Question

What change of variables is suggested by an integral containing \(\sqrt{100-x^{2}} ?\)

Short answer

Answer: The trigonometric substitution \(x = 10\sin(\theta)\) can be used to simplify the expression \(\sqrt{100-x^2}\), turning it into a simpler trigonometric expression, \(10\cos(\theta)\).

Step-by-step solution

Identify the substitution

The expression inside the square root is \(100-x^2\). To simplify this, we can use a trigonometric substitution. A common substitution for this form is \(x=10\sin(\theta)\), where the constant 10 comes from the square root of 100.

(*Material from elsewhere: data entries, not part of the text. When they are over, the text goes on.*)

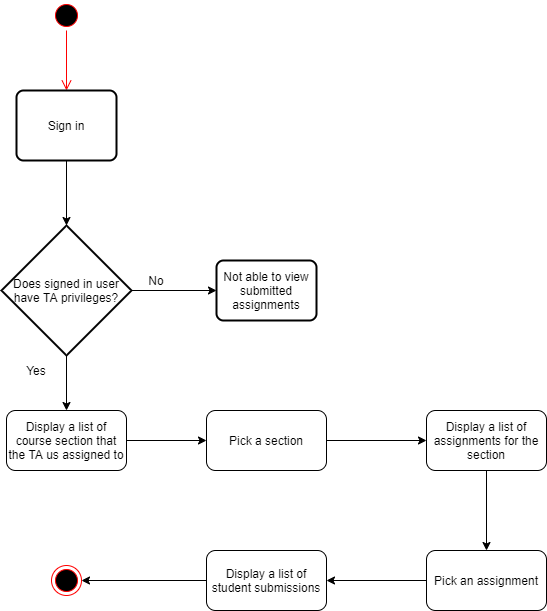

The diagram above was exported from draw.io. Its source (the exported page's mxGraphModel, read from the mxfile embedded in the PNG):
<mxGraphModel dx="1364" dy="773" grid="1" gridSize="10" guides="1" tooltips="1" connect="1" arrows="1" fold="1" page="1" pageScale="1" pageWidth="850" pageHeight="1100" math="0" shadow="0">
  <root>
    <mxCell id="0" />
    <mxCell id="1" parent="0" />
    <mxCell id="2" value="" style="ellipse;html=1;shape=startState;fillColor=#000000;strokeColor=#ff0000;" vertex="1" parent="1">
      <mxGeometry x="175" y="80" width="30" height="30" as="geometry" />
    </mxCell>
    <mxCell id="3" value="" style="edgeStyle=orthogonalEdgeStyle;html=1;verticalAlign=bottom;endArrow=open;endSize=8;strokeColor=#ff0000;" edge="1" source="2" parent="1">
      <mxGeometry relative="1" as="geometry">
        <mxPoint x="190" y="170" as="targetPoint" />
      </mxGeometry>
    </mxCell>
    <mxCell id="4" value="" style="ellipse;html=1;shape=endState;fillColor=#000000;strokeColor=#ff0000;" vertex="1" parent="1">
      <mxGeometry x="175" y="645" width="30" height="30" as="geometry" />
    </mxCell>
    <mxCell id="5" style="edgeStyle=orthogonalEdgeStyle;rounded=0;orthogonalLoop=1;jettySize=auto;html=1;exitX=1;exitY=0.5;exitDx=0;exitDy=0;exitPerimeter=0;" edge="1" source="7" parent="1">
      <mxGeometry relative="1" as="geometry">
        <mxPoint x="340" y="370" as="targetPoint" />
      </mxGeometry>
    </mxCell>
    <mxCell id="6" style="edgeStyle=orthogonalEdgeStyle;rounded=0;orthogonalLoop=1;jettySize=auto;html=1;exitX=0.5;exitY=1;exitDx=0;exitDy=0;exitPerimeter=0;" edge="1" source="7" parent="1">
      <mxGeometry relative="1" as="geometry">
        <mxPoint x="190" y="490" as="targetPoint" />
      </mxGeometry>
    </mxCell>
    <mxCell id="7" value="Does signed in user have TA privileges?" style="strokeWidth=2;html=1;shape=mxgraph.flowchart.decision;whiteSpace=wrap;" vertex="1" parent="1">
      <mxGeometry x="125" y="305" width="130" height="130" as="geometry" />
    </mxCell>
    <mxCell id="8" style="edgeStyle=orthogonalEdgeStyle;rounded=0;orthogonalLoop=1;jettySize=auto;html=1;" edge="1" source="9" target="7" parent="1">
      <mxGeometry relative="1" as="geometry" />
    </mxCell>
    <mxCell id="9" value="Sign in" style="rounded=1;whiteSpace=wrap;html=1;absoluteArcSize=1;arcSize=14;strokeWidth=2;" vertex="1" parent="1">
      <mxGeometry x="140" y="170" width="100" height="70" as="geometry" />
    </mxCell>
    <mxCell id="10" style="edgeStyle=orthogonalEdgeStyle;rounded=0;orthogonalLoop=1;jettySize=auto;html=1;exitX=1;exitY=0.5;exitDx=0;exitDy=0;entryX=0;entryY=0.5;entryDx=0;entryDy=0;" edge="1" source="11" target="18" parent="1">
      <mxGeometry relative="1" as="geometry" />
    </mxCell>
    <mxCell id="11" value="Display a list of course section that the TA us assigned to" style="rounded=1;whiteSpace=wrap;html=1;" vertex="1" parent="1">
      <mxGeometry x="130" y="490" width="120" height="60" as="geometry" />
    </mxCell>
    <mxCell id="12" style="edgeStyle=orthogonalEdgeStyle;rounded=0;orthogonalLoop=1;jettySize=auto;html=1;exitX=0;exitY=0.5;exitDx=0;exitDy=0;entryX=1;entryY=0.5;entryDx=0;entryDy=0;" edge="1" source="13" target="4" parent="1">
      <mxGeometry relative="1" as="geometry" />
    </mxCell>
    <mxCell id="13" value="Display a list of student submissions" style="rounded=1;whiteSpace=wrap;html=1;" vertex="1" parent="1">
      <mxGeometry x="330" y="630" width="120" height="60" as="geometry" />
    </mxCell>
    <mxCell id="14" value="No" style="text;html=1;strokeColor=none;fillColor=none;align=center;verticalAlign=middle;whiteSpace=wrap;rounded=0;" vertex="1" parent="1">
      <mxGeometry x="260" y="350" width="40" height="20" as="geometry" />
    </mxCell>
    <mxCell id="15" value="Yes" style="text;html=1;strokeColor=none;fillColor=none;align=center;verticalAlign=middle;whiteSpace=wrap;rounded=0;" vertex="1" parent="1">
      <mxGeometry x="140" y="440" width="40" height="20" as="geometry" />
    </mxCell>
    <mxCell id="16" value="Not able to view submitted assignments" style="rounded=1;whiteSpace=wrap;html=1;absoluteArcSize=1;arcSize=14;strokeWidth=2;" vertex="1" parent="1">
      <mxGeometry x="340" y="340" width="100" height="60" as="geometry" />
    </mxCell>
    <mxCell id="17" style="edgeStyle=orthogonalEdgeStyle;rounded=0;orthogonalLoop=1;jettySize=auto;html=1;exitX=1;exitY=0.5;exitDx=0;exitDy=0;entryX=0;entryY=0.5;entryDx=0;entryDy=0;" edge="1" source="18" target="20" parent="1">
      <mxGeometry relative="1" as="geometry" />
    </mxCell>
    <mxCell id="18" value="Pick a section" style="rounded=1;whiteSpace=wrap;html=1;" vertex="1" parent="1">
      <mxGeometry x="330" y="490" width="120" height="60" as="geometry" />
    </mxCell>
    <mxCell id="19" style="edgeStyle=orthogonalEdgeStyle;rounded=0;orthogonalLoop=1;jettySize=auto;html=1;exitX=0.5;exitY=1;exitDx=0;exitDy=0;entryX=0.5;entryY=0;entryDx=0;entryDy=0;" edge="1" source="20" target="22" parent="1">
      <mxGeometry relative="1" as="geometry" />
    </mxCell>
    <mxCell id="20" value="Display a list of assignments for the section" style="rounded=1;whiteSpace=wrap;html=1;" vertex="1" parent="1">
      <mxGeometry x="550" y="490" width="120" height="60" as="geometry" />
    </mxCell>
    <mxCell id="21" style="edgeStyle=orthogonalEdgeStyle;rounded=0;orthogonalLoop=1;jettySize=auto;html=1;exitX=0;exitY=0.5;exitDx=0;exitDy=0;entryX=1;entryY=0.5;entryDx=0;entryDy=0;" edge="1" source="22" target="13" parent="1">
      <mxGeometry relative="1" as="geometry" />
    </mxCell>
    <mxCell id="22" value="Pick an assignment" style="rounded=1;whiteSpace=wrap;html=1;" vertex="1" parent="1">
      <mxGeometry x="550" y="630" width="120" height="60" as="geometry" />
    </mxCell>
  </root>
</mxGraphModel>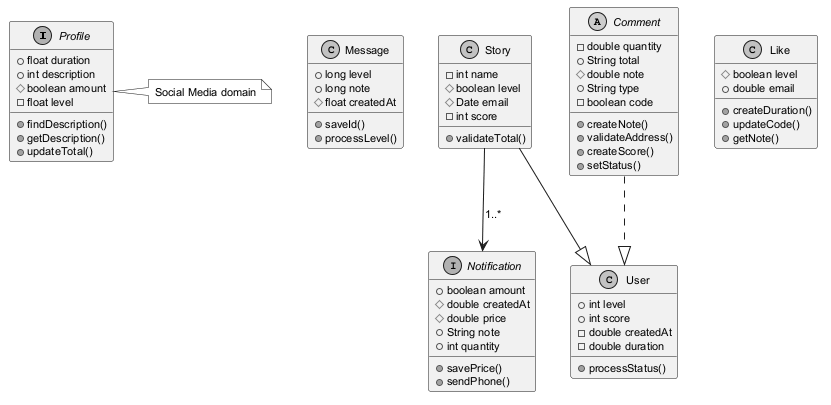

The diagram above was rendered by PlantUML. Its source (embedded in the PNG):
@startuml
skinparam monochrome true
skinparam defaultFontSize 11
interface Profile {
  +float duration
  +int description
  #boolean amount
  -float level
  +findDescription()
  +getDescription()
  +updateTotal()
}
class Message {
  +long level
  +long note
  #float createdAt
  +saveId()
  +processLevel()
}
class Story {
  -int name
  #boolean level
  #Date email
  -int score
  +validateTotal()
}
class User {
  +int level
  +int score
  -double createdAt
  -double duration
  +processStatus()
}
class Like {
  #boolean level
  +double email
  +createDuration()
  +updateCode()
  +getNote()
}
abstract class Comment {
  -double quantity
  +String total
  #double note
  +String type
  -boolean code
  +createNote()
  +validateAddress()
  +createScore()
  +setStatus()
}
interface Notification {
  +boolean amount
  #double createdAt
  #double price
  +String note
  +int quantity
  +savePrice()
  +sendPhone()
}
Comment ..|> User
Story --> Notification : "1..*"
Story --|> User
note right of Profile : Social Media domain
@enduml

Rewrite the expression with the substitution

Now, rewrite the given expression using the substitution \(x=10\sin(\theta)\): \(\sqrt{100-(10\sin(\theta))^2}\)

Simplify the expression

By simplifying the expression, we get: \(\sqrt{100-100\sin^2(\theta)} = \sqrt{100(1-\sin^2(\theta))}\) Using the Pythagorean identity \(1-\sin^2(\theta)=\cos^2(\theta)\), we can further simplify the expression: \(\sqrt{100\cos^2(\theta)}=10\cos(\theta)\) Now, the given expression has been converted to a simpler trigonometric expression by using the change of variables, \(x=10\sin(\theta)\).

Key concepts

Integral Calculus

Integral calculus is a fundamental component of mathematics concerned with finding the quantity where the rate of change is known. This process is complementary to differentiation, where we find the rate of change. In this context, the integral represents the area under a curve on a graph, often referred to as the antiderivative. When faced with an integral containing a complex expression like \(\sqrt{100-x^{2}}\), we're essentially looking to find the original function before it was differentiated and its graph became the curve we're now examining. The challenge is in simplifying the expression under the integral to make it more manageable for computation. Here, trigonometric substitution is a powerful technique helping us convert algebraic expressions into trigonometric ones, which can be more straightforward to integrate due to the library of known integrals for trigonometric functions. As you'll see in subsequent sections, specific substitutions streamline the integration process and make finding the solution a more intuitive endeavor.

Substitution Method

The substitution method in integral calculus is a powerful tool for simplifying difficult integrals. Think of it as a mathematical 'alchemical process' that transforms complex expressions into simpler ones, making them easier to manage and solve. In practice, it involves identifying a part of the integral that can be replaced with a variable to streamline the integration process. It's like swapping out a complex puzzle piece with one that fits more naturally into our existing puzzle. Once we replace the complicated expression with a simpler one, using a well-chosen substitution, we can often perform the integration much more easily. Then, we substitute back the original variables to find our solution. This reversal is essential to ensure that the final answer is in terms of the original variables.

Pythagorean Identity

The Pythagorean identity is an indispensable tool derived from the Pythagorean theorem, one of the cornerstones of trigonometry. This identity gives a relationship between the sine and cosine functions: \(1-\sin^2(\theta)=\cos^2(\theta)\). It's like having a secret passcode that unlocks a simpler form of an expression involving sine and cosine. In the process of integral calculus, it allows us to transform the squared sine function into a squared cosine function, or vice versa, which often simplifies the expression drastically. Recognizing when to employ this identity is key, as in the given example with \(\sqrt{100-x^{2}}\), where this identity helps collapse the expression into one involving a single trigonometric function, making it far more tractable.

Square Root Simplification

The square root simplification is key in streamlining complex mathematical expressions. It's like reducing a tough knot to a straight line, making it easier to work with. When dealing with integrals, simplifying square roots often leads to forms that are more amenable to standard integration techniques. For instance, \(\sqrt{100 - x^2}\) seems daunting at first, but with the right approach, it can be simplified using trigonometric substitution. By recognizing the structure of the term under the square root sign as a difference of squares, a common geometric scenario in trigonometry, we can simplify the expression. After applying the Pythagorean identity, the root sign can often be eradicated, leaving behind a more straightforward expression involving trigonometric functions, which are generally easier to integrate due to their periodic and well-understood properties.